__Exercise directions__: Nothing but the lines from the first line of the records below to the line holding "wall outside (RimJoist1" belongs in the answer, copied exactly and without pictures.

Top of Exercise input

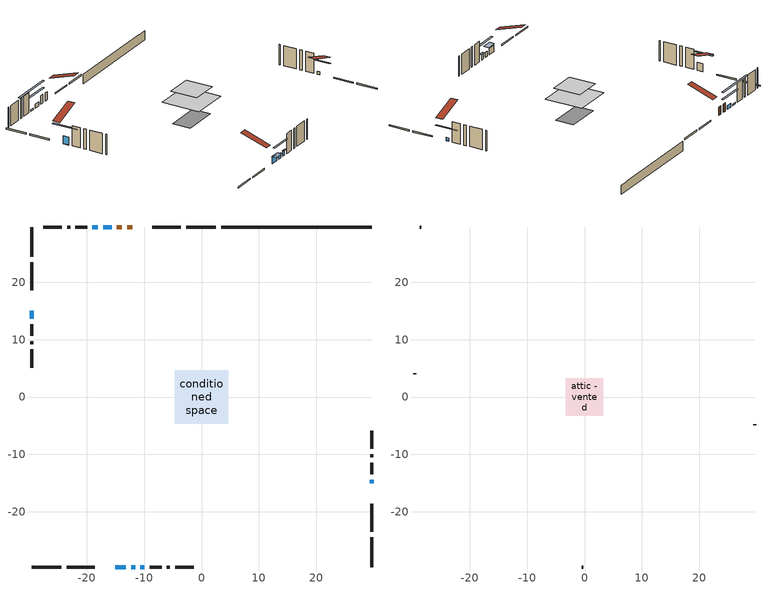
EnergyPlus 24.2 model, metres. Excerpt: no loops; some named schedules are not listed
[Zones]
conditioned space
 floor adiabatic (AdiabaticFloorConstruction): -4.68,-4.68 -4.68,4.68 4.68,4.68 4.68,-4.68 z3.05
 floor foundation (Slab1 construction): -4.27,-2.29 -4.27,2.29 4.27,2.29 4.27,-2.29 z-1.68
 wall outside (RimJoist1 construction): 2.48,29.62 -2.7,29.62 / -29.62,-29.62 -24.44,-29.62 / -29.62,29.62 -29.62,24.44 / 29.62,-29.62 29.62,-24.44 z0.61:0.91
 wall outside (RimJoist2 construction): -3.63,29.62 -8.54,29.62 / -23.51,-29.62 -18.6,-29.62 / -29.62,23.51 -29.62,18.6 / 29.62,-23.51 29.62,-18.6 z0.61:0.91
 wall outside (AdiabaticWallConstruction 1): -12.1,29.62 -12.96,29.62 / -13.89,29.62 -14.75,29.62 z0.61:2.64
 wall outside (AdiabaticWallConstruction): 29.62,-15.04 29.62,-14.41 z0.61:1.35; -15.68,29.62 -17.13,29.62 z0.61:1.55; -15.04,-29.62 -13.21,-29.62 z0.61:2.13; -12.29,-29.62 -11.57,-29.62 / -10.65,-29.62 -9.93,-29.62 z0.61:1.83; -29.62,15.04 -29.62,13.65 z0.61:2.52; -18.06,29.62 -19,29.62 z0.61:0.97
 wall outside (Wall1 construction): -19.93,29.62 -21.98,29.62 / -9.01,-29.62 -6.95,-29.62 / -29.62,12.72 -29.62,10.66 / 29.62,-13.48 29.62,-11.42 z0.61:5.49
 wall outside (Wall2 construction): -22.91,29.62 -23.43,29.62 / -6.02,-29.62 -5.5,-29.62 / -29.62,9.73 -29.62,9.21 / 29.62,-10.49 29.62,-9.98 z0.61:5.49
 wall outside (Wall3 construction): -24.36,29.62 -27.56,29.62 / -4.57,-29.62 -1.37,-29.62 / -29.62,8.28 -29.62,5.09 / 29.62,-9.05 29.62,-5.85 z0.61:5.49
 wall foundation (FoundationWall1 construction): 3.41,29.62,-1.68 3.41,29.62,0.61 27,29.62,0.61 27,29.62,0.48 29.62,29.62,0.48 29.62,29.62,-1.68
 window (WindowConstruction): 29.62,-15.04 29.62,-14.41 z0.61:1.35
 window (WindowConstruction 1): -15.68,29.62 -17.13,29.62 z0.61:1.55
 window (WindowConstruction 2): -15.04,-29.62 -13.21,-29.62 z0.61:2.13
 window (WindowConstruction 3): -12.28,-29.62 -11.57,-29.62 z0.61:1.83
 window (WindowConstruction 4): -29.62,15.04 -29.62,13.65 z0.61:2.51
 window (WindowConstruction 5): -10.64,-29.62 -9.93,-29.62 z0.61:1.83
 window (WindowConstruction 6): -18.06,29.62 -19,29.62 z0.61:0.97
 door (Door): -12.1,29.62 -12.96,29.62 z0.61:2.64
 door (Door 1): -13.89,29.62 -14.75,29.62 z0.61:2.64
 ceiling adiabatic (AdiabaticFloorConstruction): 4.68,-4.68 4.68,4.68 -4.68,4.68 -4.68,-4.68 z3.05
attic - vented
 floor to conditioned space (Floor1 construction Reversed): -3.31,-3.31 -3.31,3.31 3.31,3.31 3.31,-3.31 z5.49
 wall outside (Wall4 construction): -28.49,29.62 -28.69,29.62 / -0.44,-29.62 -0.24,-29.62 / -29.62,4.16 -29.62,3.95 / 29.62,-4.92 29.62,-4.71 z0.61:5.49
 roof outside (Roof1 construction): -11.17,29.62,5.49 -11.17,23.18,7.64 -9.47,23.18,7.64 -9.47,29.62,5.49; -15.97,-29.62,5.49 -15.97,-23.18,7.64 -17.67,-23.18,7.64 -17.67,-29.62,5.49; -29.62,15.97,5.49 -23.18,15.97,7.64 -23.18,17.67,7.64 -29.62,17.67,5.49; 29.62,-15.97,5.49 23.18,-15.97,7.64 23.18,-17.67,7.64 29.62,-17.67,5.49
shading: 29.62,-11.92 29.62,-17.53 30.04,-17.53 30.04,-11.92 z3.84; -19.62,29.62 -13.19,29.62 -13.19,30.04 -19.62,30.04 z4.04; -12.91,-29.62 -15.34,-29.62 -15.34,-30.84 -12.91,-30.84 z2.43; -9.08,-29.62 -14.77,-29.62 -14.77,-30.04 -9.08,-30.04 z4.32; -29.62,11.16 -29.62,17.53 -30.04,17.53 -30.04,11.16 z5.01; -9.73,-29.62 -10.85,-29.62 -10.85,-30.04 -9.73,-30.04 z2.03; -23.77,29.62 -13.29,29.62 -13.29,30.04 -23.77,30.04 z5.74
[Building]
Building 1: Terrain=Suburbs
[Site:Location]
Toronto City Centre_ON: Latitude {deg}=43.63; Longitude {deg}=-79.39; Time Zone {hr}=-5; Elevation {m}=77; Keep Site Location Information=Yes
[Site:GroundTemperature:Shallow]
5.01852, 3.26908, 3.12898, 3.95918, 7.29196, 10.6092, 13.4851, 15.3069, 15.4617, 13.9799, 11.1774, 7.9619
[Site:WaterMainsTemperature]
Calculation Method=Schedule; Temperature Schedule=mains temperature schedule
[Material] Roughness=Rough; Thermal Absorptance=0.9
Name | Thickness {m} | Conductivity {W/m-K} | Density {kg/m3} | Specific Heat {J/kg-K} | Solar Absorptance | Visible Absorptance
asphalt or fiberglass shingles | 0.00635 | 0.162714 | 1121.4 | 1465.45 | 0.4 | 0.4
ceiling loosefill ins | 0.0846667 | 0.0480833 | 16.02 | 1046.75 | 0.7 | 0.7
ceiling stud and cavity | 0.1397 | 0.0886449 | 65.682 | 1177.47 | 0.7 | 0.7
concrete 4.0 in. | 0.1016 | 1.803125 | 2242.8 | 837.4 | 0.7 | 0.7
concrete 8.0 in. | 0.2032 | 1.803125 | 2242.8 | 837.4 | 0.7 | 0.7
door material | 0.04445 | 0.053851 | 512.64 | 1214.23 | 0.7 | 0.7
exterior vertical ins | 0.0436689 | 0.029427 | 32.04 | 1214.23 | 0.7 | 0.7
floor covering | 0.0127 | 0.0433444 | 54.468 | 1339.84 | 0.6 | 0.6
floor rigid ins; wall rigid ins | 0.512978 | 0.029427 | 32.04 | 1214.23 | 0.7 | 0.7
floor stud and cavity | 0.1397 | 1.75129 | 37.0049 | 1207.88 | 0.7 | 0.7
furniture material conditioned space 1 | 0.1524 | 0.115458 | 640.8 | 1214.23 | 0.6 | 0.6
gypsum board | 0.0127 | 0.160291 | 801 | 837.4 | 0.6 | 0.6
gypsum board 1 | 0.0127 | 0.160291 | 801 | 837.4 | 0.7 | 0.7
osb sheathing 0.5 in. | 0.0127 | 0.115458 | 512.64 | 1214.23 | 0.7 | 0.7
osb sheathing 0.75 in. | 0.01905 | 0.115458 | 512.64 | 1214.23 | 0.7 | 0.7
osb sheathing 2.0 in. | 0.0508 | 0.115458 | 512.64 | 1214.23 | 0.7 | 0.7
rim joist rigid ins | 0.051816 | 0.029427 | 32.04 | 1214.23 | 0.7 | 0.7
rim joist stud and cavity | 0.0508 | 0.0406006 | 125.044 | 1163.47 | 0.6 | 0.6
rim joist stud and cavity 1 | 0.0508 | 0.311623 | 125.044 | 1163.47 | 0.6 | 0.6
wall stud and cavity | 0.1397 | 0.0845825 | 139.0536 | 1170.24 | 0.7 | 0.7
wall stud and cavity 1 | 0.1397 | 0.117365 | 139.0536 | 1170.24 | 0.7 | 0.7
wall stud and cavity 2 | 0.1397 | 0.0965188 | 139.0536 | 1170.24 | 0.7 | 0.7
wall stud and cavity 3 | 0.0889 | 6.9971 | 50.32683 | 1063.81 | 0.6 | 0.6
wall stud and cavity 4 | 0.0889 | 0.380278 | 52.3479 | 1209.89 | 0.7 | 0.7
wall stud and cavity 5 | 0.0889 | 0.391764 | 83.0341 | 1211.67 | 0.7 | 0.7
wood siding | 0.0254 | 0.102417 | 544.68 | 1172.36 | 0.4 | 0.4
wood siding 1 | 0.00254 | 0.102417 | 544.68 | 1172.36 | 0.4 | 0.4
wood siding 2; wood siding 3; wood siding 4 | 0.0254 | 0.102417 | 544.68 | 1172.36 | 0.7 | 0.7
[WindowMaterial:SimpleGlazingSystem]
Name | U-Factor {W/m2-K} | Solar Heat Gain Coefficient
WindowMaterial | 2.98606 | 0.6
WindowMaterial 1 | 2.927009 | 0.66
WindowMaterial 2 | 2.89408 | 0.69
WindowMaterial 3 | 2.95426 | 0.63
WindowMaterial 4 | 2.918492 | 0.58
WindowMaterial 5 | 3.03943 | 0.55
[Construction]
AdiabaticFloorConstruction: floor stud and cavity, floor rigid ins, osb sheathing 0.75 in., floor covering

Bottom of Exercise input

__Written solution__:
EnergyPlus 24.2 model, metres. Excerpt: no loops; some named schedules are not listed
[Zones]
conditioned space
 floor adiabatic (AdiabaticFloorConstruction): -4.68,-4.68 -4.68,4.68 4.68,4.68 4.68,-4.68 z3.05
 floor foundation (Slab1 construction): -4.27,-2.29 -4.27,2.29 4.27,2.29 4.27,-2.29 z-1.68
 wall outside (RimJoist1 construction): 2.48,29.62 -2.7,29.62 / -29.62,-29.62 -24.44,-29.62 / -29.62,29.62 -29.62,24.44 / 29.62,-29.62 29.62,-24.44 z0.61:0.91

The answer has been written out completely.